*Try it*
Your answer is the lines below, exactly, from the one that contains "#42=FACE_BOUND('',#41,.T.);" through the one that contains "#51=DIRECTION('',(0.,1.,0.));", both included.

*Data extract*
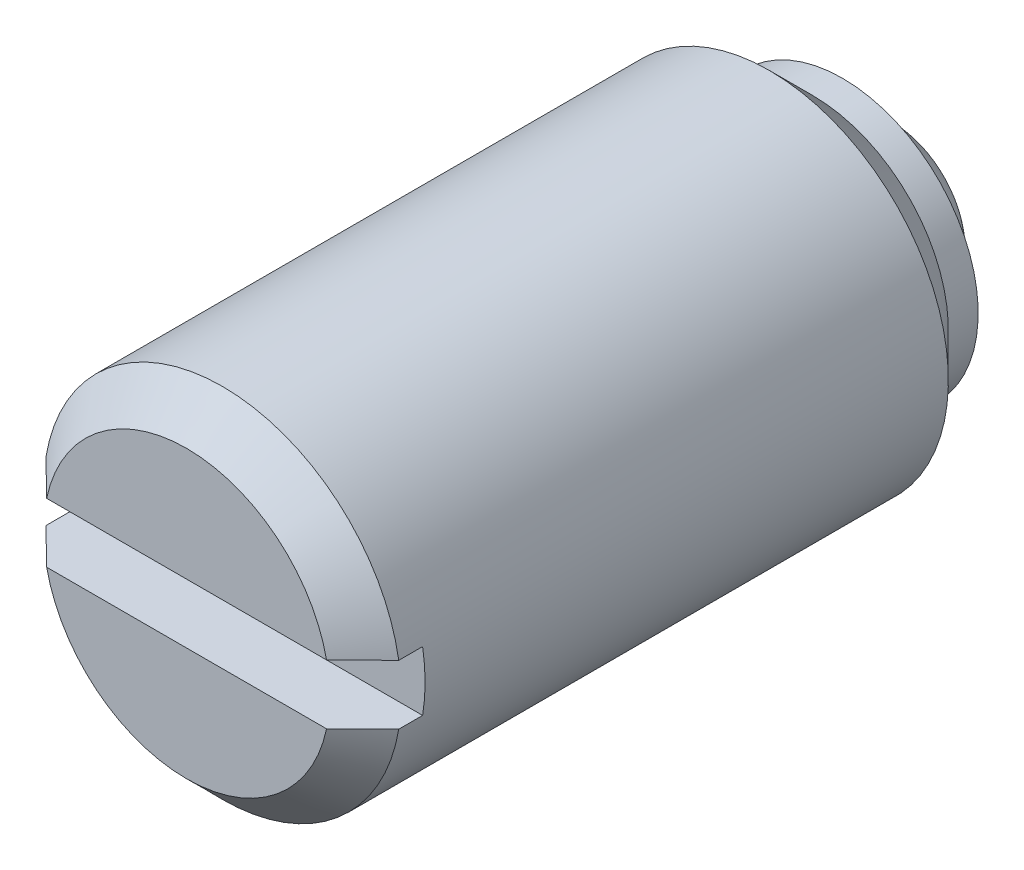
ISO-10303-21;
HEADER;
FILE_DESCRIPTION(('STEP AP214'),'2;1');
FILE_NAME('part.step','',(''),(''),'','','');
FILE_SCHEMA(('AUTOMOTIVE_DESIGN { 1 0 10303 214 1 1 1 1 }'));
ENDSEC;
DATA;
#1=APPLICATION_CONTEXT('core data for automotive mechanical design processes');
#2=APPLICATION_PROTOCOL_DEFINITION('international standard','automotive_design',2000,#1);
#3=PRODUCT_CONTEXT('',#1,'mechanical');
#4=PRODUCT('Part','Part','',(#3));
#5=PRODUCT_RELATED_PRODUCT_CATEGORY('part','',(#4));
#6=PRODUCT_DEFINITION_FORMATION('','',#4);
#7=PRODUCT_DEFINITION_CONTEXT('part definition',#1,'design');
#8=PRODUCT_DEFINITION('design','',#6,#7);
#9=PRODUCT_DEFINITION_SHAPE('','',#8);
#10=(LENGTH_UNIT() NAMED_UNIT(*) SI_UNIT(.MILLI.,.METRE.));
#11=(NAMED_UNIT(*) PLANE_ANGLE_UNIT() SI_UNIT($,.RADIAN.));
#12=(NAMED_UNIT(*) SI_UNIT($,.STERADIAN.) SOLID_ANGLE_UNIT());
#13=UNCERTAINTY_MEASURE_WITH_UNIT(LENGTH_MEASURE(1.E-05),#10,'distance_accuracy_value','');
#14=(GEOMETRIC_REPRESENTATION_CONTEXT(3) GLOBAL_UNCERTAINTY_ASSIGNED_CONTEXT((#13)) GLOBAL_UNIT_ASSIGNED_CONTEXT((#10,
#11,#12)) REPRESENTATION_CONTEXT('',''));
#15=CARTESIAN_POINT('',(0.,0.,0.));
#16=DIRECTION('',(0.,0.,1.));
#17=DIRECTION('',(1.,0.,0.));
#18=AXIS2_PLACEMENT_3D('',#15,#16,#17);
#19=CARTESIAN_POINT('',(0.,6.,24.5));
#20=DIRECTION('',(0.,0.,1.));
#21=DIRECTION('',(1.,0.,0.));
#22=AXIS2_PLACEMENT_3D('',#19,#20,#21);
#23=PLANE('',#22);
#24=CARTESIAN_POINT('',(0.,0.,24.5));
#25=DIRECTION('',(0.,0.,-1.));
#26=DIRECTION('',(0.,1.,0.));
#27=AXIS2_PLACEMENT_3D('',#24,#25,#26);
#28=CIRCLE('',#27,4.8);
#29=CARTESIAN_POINT('',(-4.6946778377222,1.,24.5));
#30=VERTEX_POINT('',#29);
#31=CARTESIAN_POINT('',(4.6946778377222,1.,24.5));
#32=VERTEX_POINT('',#31);
#33=EDGE_CURVE('E35',#30,#32,#28,.T.);
#34=ORIENTED_EDGE('',*,*,#33,.F.);
#35=DIRECTION('',(1.,0.,0.));
#36=VECTOR('',#35,1.);
#37=CARTESIAN_POINT('',(-5.91607978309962,1.,24.5));
#38=LINE('',#37,#36);
#39=EDGE_CURVE('E124',#30,#32,#38,.T.);
#40=ORIENTED_EDGE('',*,*,#39,.T.);
#41=EDGE_LOOP('',(#34,#40));
#42=FACE_BOUND('',#41,.T.);
#43=ADVANCED_FACE('F14',(#42),#23,.T.);
#44=CARTESIAN_POINT('',(0.,0.,-5.5));
#45=DIRECTION('',(0.,0.,-1.));
#46=DIRECTION('',(-1.,0.,0.));
#47=AXIS2_PLACEMENT_3D('',#44,#45,#46);
#48=CYLINDRICAL_SURFACE('',#47,6.);
#49=CARTESIAN_POINT('',(0.,0.,23.3));
#50=DIRECTION('',(0.,0.,-1.));
#51=DIRECTION('',(0.,1.,0.));
#52=AXIS2_PLACEMENT_3D('',#49,#50,#51);
#53=CIRCLE('',#52,6.);
#54=CARTESIAN_POINT('',(5.91607978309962,-1.,23.3));
#55=VERTEX_POINT('',#54);
#56=CARTESIAN_POINT('',(-5.91607978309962,-1.,23.3));
#57=VERTEX_POINT('',#56);
#58=EDGE_CURVE('E43',#55,#57,#53,.T.);
#59=ORIENTED_EDGE('',*,*,#58,.T.);
#60=DIRECTION('',(0.,0.,1.));
#61=VECTOR('',#60,1.);
#62=CARTESIAN_POINT('',(-5.91607978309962,-1.,22.5));
#63=LINE('',#62,#61);
#64=CARTESIAN_POINT('',(-5.91607978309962,-1.,22.5));
#65=VERTEX_POINT('',#64);
#66=EDGE_CURVE('E101',#65,#57,#63,.T.);
#67=ORIENTED_EDGE('',*,*,#66,.F.);
#68=CARTESIAN_POINT('',(0.,0.,22.5));
#69=DIRECTION('',(0.,0.,1.));
#70=DIRECTION('',(1.,0.,0.));
#71=AXIS2_PLACEMENT_3D('',#68,#69,#70);
#72=CIRCLE('',#71,6.);
#73=CARTESIAN_POINT('',(-5.91607978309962,1.,22.5));
#74=VERTEX_POINT('',#73);
#75=EDGE_CURVE('E121',#74,#65,#72,.T.);
#76=ORIENTED_EDGE('',*,*,#75,.F.);
#77=DIRECTION('',(0.,0.,1.));
#78=VECTOR('',#77,1.);
#79=CARTESIAN_POINT('',(-5.91607978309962,1.,22.5));
#80=LINE('',#79,#78);
#81=CARTESIAN_POINT('',(-5.91607978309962,1.,23.3));
#82=VERTEX_POINT('',#81);
#83=EDGE_CURVE('E90',#74,#82,#80,.T.);
#84=ORIENTED_EDGE('',*,*,#83,.T.);
#85=CARTESIAN_POINT('',(5.91607978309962,1.,23.3));
#86=VERTEX_POINT('',#85);
#87=EDGE_CURVE('E73',#82,#86,#53,.T.);
#88=ORIENTED_EDGE('',*,*,#87,.T.);
#89=DIRECTION('',(0.,0.,1.));
#90=VECTOR('',#89,1.);
#91=CARTESIAN_POINT('',(5.91607978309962,1.,22.5));
#92=LINE('',#91,#90);
#93=CARTESIAN_POINT('',(5.91607978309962,1.,22.5));
#94=VERTEX_POINT('',#93);
#95=EDGE_CURVE('E88',#94,#86,#92,.T.);
#96=ORIENTED_EDGE('',*,*,#95,.F.);
#97=CARTESIAN_POINT('',(5.91607978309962,-1.,22.5));
#98=VERTEX_POINT('',#97);
#99=EDGE_CURVE('E117',#98,#94,#72,.T.);
#100=ORIENTED_EDGE('',*,*,#99,.F.);
#101=DIRECTION('',(0.,0.,1.));
#102=VECTOR('',#101,1.);
#103=CARTESIAN_POINT('',(5.91607978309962,-1.,22.5));
#104=LINE('',#103,#102);
#105=EDGE_CURVE('E96',#98,#55,#104,.T.);
#106=ORIENTED_EDGE('',*,*,#105,.T.);
#107=EDGE_LOOP('',(#59,#67,#76,#84,#88,#96,#100,#106));
#108=FACE_BOUND('',#107,.T.);
#109=CARTESIAN_POINT('',(0.,0.,4.95));
#110=DIRECTION('',(0.,0.,-1.));
#111=DIRECTION('',(0.,1.,0.));
#112=AXIS2_PLACEMENT_3D('',#109,#110,#111);
#113=CIRCLE('',#112,6.);
#114=CARTESIAN_POINT('',(0.,6.,4.95));
#115=VERTEX_POINT('',#114);
#116=EDGE_CURVE('E135',#115,#115,#113,.T.);
#117=ORIENTED_EDGE('',*,*,#116,.F.);
#118=EDGE_LOOP('',(#117));
#119=FACE_BOUND('',#118,.T.);
#120=ADVANCED_FACE('F85',(#108,#119),#48,.T.);
#121=CARTESIAN_POINT('',(4.6946778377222,-1.,24.5));
#122=VERTEX_POINT('',#121);
#123=CARTESIAN_POINT('',(-4.6946778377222,-1.,24.5));
#124=VERTEX_POINT('',#123);
#125=EDGE_CURVE('E80',#122,#124,#28,.T.);
#126=ORIENTED_EDGE('',*,*,#125,.F.);
#127=DIRECTION('',(1.,0.,0.));
#128=VECTOR('',#127,1.);
#129=CARTESIAN_POINT('',(-5.91607978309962,-1.,24.5));
#130=LINE('',#129,#128);
#131=EDGE_CURVE('E114',#124,#122,#130,.T.);
#132=ORIENTED_EDGE('',*,*,#131,.F.);
#133=EDGE_LOOP('',(#126,#132));
#134=FACE_BOUND('',#133,.T.);
#135=ADVANCED_FACE('F167',(#134),#23,.T.);
#136=CARTESIAN_POINT('',(-5.91607978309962,1.,22.5));
#137=DIRECTION('',(0.,-1.,0.));
#138=DIRECTION('',(1.,0.,0.));
#139=AXIS2_PLACEMENT_3D('',#136,#137,#138);
#140=PLANE('',#139);
#141=CARTESIAN_POINT('',(-13.0519927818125,1.,16.2097549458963));
#142=CARTESIAN_POINT('',(-12.58929661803,1.,16.671087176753));
#143=CARTESIAN_POINT('',(-12.1265400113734,1.,17.1323588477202));
#144=CARTESIAN_POINT('',(-11.2008062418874,1.,18.0547155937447));
#145=CARTESIAN_POINT('',(-10.7378290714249,1.,18.5158006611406));
#146=CARTESIAN_POINT('',(-9.81116624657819,1.,19.4381050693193));
#147=CARTESIAN_POINT('',(-9.34748033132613,1.,19.8993241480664));
#148=CARTESIAN_POINT('',(-8.41968269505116,1.,20.8212999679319));
#149=CARTESIAN_POINT('',(-7.95557099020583,1.,21.2820567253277));
#150=CARTESIAN_POINT('',(-7.04752197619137,1.,22.1821315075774));
#151=CARTESIAN_POINT('',(-6.60361637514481,1.,22.6214814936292));
#152=CARTESIAN_POINT('',(-5.93684301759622,1.,23.2796291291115));
#153=CARTESIAN_POINT('',(-5.71442037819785,1.,23.4988775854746));
#154=CARTESIAN_POINT('',(-5.26915444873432,1.,23.936942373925));
#155=CARTESIAN_POINT('',(-5.04631116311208,1.,24.1557587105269));
#156=CARTESIAN_POINT('',(-4.60013621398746,1.,24.5926451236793));
#157=CARTESIAN_POINT('',(-4.37680489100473,1.,24.8107155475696));
#158=CARTESIAN_POINT('',(-3.92918846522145,1.,25.2458936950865));
#159=CARTESIAN_POINT('',(-3.70490332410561,1.,25.4630013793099));
#160=CARTESIAN_POINT('',(-3.25484186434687,1.,25.895586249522));
#161=CARTESIAN_POINT('',(-3.02906584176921,1.,26.1110637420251));
#162=CARTESIAN_POINT('',(-2.68827197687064,1.,26.4320059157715));
#163=CARTESIAN_POINT('',(-2.57432277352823,1.,26.5386042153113));
#164=CARTESIAN_POINT('',(-2.34539441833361,1.,26.7506879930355));
#165=CARTESIAN_POINT('',(-2.23041529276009,1.,26.8561734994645));
#166=CARTESIAN_POINT('',(-2.0825088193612,1.,26.9898791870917));
#167=CARTESIAN_POINT('',(-2.05029097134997,1.,27.0188844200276));
#168=CARTESIAN_POINT('',(-1.98571879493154,1.,27.0767427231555));
#169=CARTESIAN_POINT('',(-1.95336446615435,1.,27.1055957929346));
#170=CARTESIAN_POINT('',(-1.85606527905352,1.,27.1919016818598));
#171=CARTESIAN_POINT('',(-1.79089022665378,1.,27.2490957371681));
#172=CARTESIAN_POINT('',(-1.65925975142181,1.,27.3629806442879));
#173=CARTESIAN_POINT('',(-1.5927984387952,1.,27.4196647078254));
#174=CARTESIAN_POINT('',(-1.45881178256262,1.,27.5317294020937));
#175=CARTESIAN_POINT('',(-1.39128672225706,1.,27.5871103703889));
#176=CARTESIAN_POINT('',(-1.25418064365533,1.,27.6964913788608));
#177=CARTESIAN_POINT('',(-1.1845870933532,1.,27.7504758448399));
#178=CARTESIAN_POINT('',(-1.04331235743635,1.,27.8556076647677));
#179=CARTESIAN_POINT('',(-0.971631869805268,1.,27.9067559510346));
#180=CARTESIAN_POINT('',(-0.825655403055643,1.,28.0043331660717));
#181=CARTESIAN_POINT('',(-0.751377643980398,1.,28.0507885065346));
#182=CARTESIAN_POINT('',(-0.636883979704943,1.,28.1148257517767));
#183=CARTESIAN_POINT('',(-0.598246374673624,1.,28.135213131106));
#184=CARTESIAN_POINT('',(-0.519768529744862,1.,28.1735083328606));
#185=CARTESIAN_POINT('',(-0.479929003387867,1.,28.1914175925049));
#186=CARTESIAN_POINT('',(-0.40897634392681,1.,28.219960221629));
#187=CARTESIAN_POINT('',(-0.378147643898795,1.,28.231296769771));
#188=CARTESIAN_POINT('',(-0.315750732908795,1.,28.2517490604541));
#189=CARTESIAN_POINT('',(-0.284182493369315,1.,28.2608647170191));
#190=CARTESIAN_POINT('',(-0.220522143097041,1.,28.2764363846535));
#191=CARTESIAN_POINT('',(-0.188432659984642,1.,28.2829029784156));
#192=CARTESIAN_POINT('',(-0.12379850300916,1.,28.2928716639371));
#193=CARTESIAN_POINT('',(-0.0912539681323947,1.,28.2963746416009));
#194=CARTESIAN_POINT('',(-0.0256780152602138,1.,28.3002100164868));
#195=CARTESIAN_POINT('',(0.00735514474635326,1.,28.3005134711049));
#196=CARTESIAN_POINT('',(0.073282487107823,0.999999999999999,28.297861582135));
#197=CARTESIAN_POINT('',(0.106176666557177,1.,28.2949061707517));
#198=CARTESIAN_POINT('',(0.204387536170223,1.,28.2813804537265));
#199=CARTESIAN_POINT('',(0.269086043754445,1.,28.2661432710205));
#200=CARTESIAN_POINT('',(0.380661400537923,1.,28.2310021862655));
#201=CARTESIAN_POINT('',(0.428188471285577,1.,28.2130030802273));
#202=CARTESIAN_POINT('',(0.521535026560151,1.,28.1729565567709));
#203=CARTESIAN_POINT('',(0.567353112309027,1.,28.1509059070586));
#204=CARTESIAN_POINT('',(0.657633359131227,1.,28.1037600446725));
#205=CARTESIAN_POINT('',(0.702088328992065,1.,28.0786513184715));
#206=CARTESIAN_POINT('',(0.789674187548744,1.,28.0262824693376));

*Result for this task*
#42=FACE_BOUND('',#41,.T.);
#43=ADVANCED_FACE('F14',(#42),#23,.T.);
#44=CARTESIAN_POINT('',(0.,0.,-5.5));
#45=DIRECTION('',(0.,0.,-1.));
#46=DIRECTION('',(-1.,0.,0.));
#47=AXIS2_PLACEMENT_3D('',#44,#45,#46);
#48=CYLINDRICAL_SURFACE('',#47,6.);
#49=CARTESIAN_POINT('',(0.,0.,23.3));
#50=DIRECTION('',(0.,0.,-1.));
#51=DIRECTION('',(0.,1.,0.));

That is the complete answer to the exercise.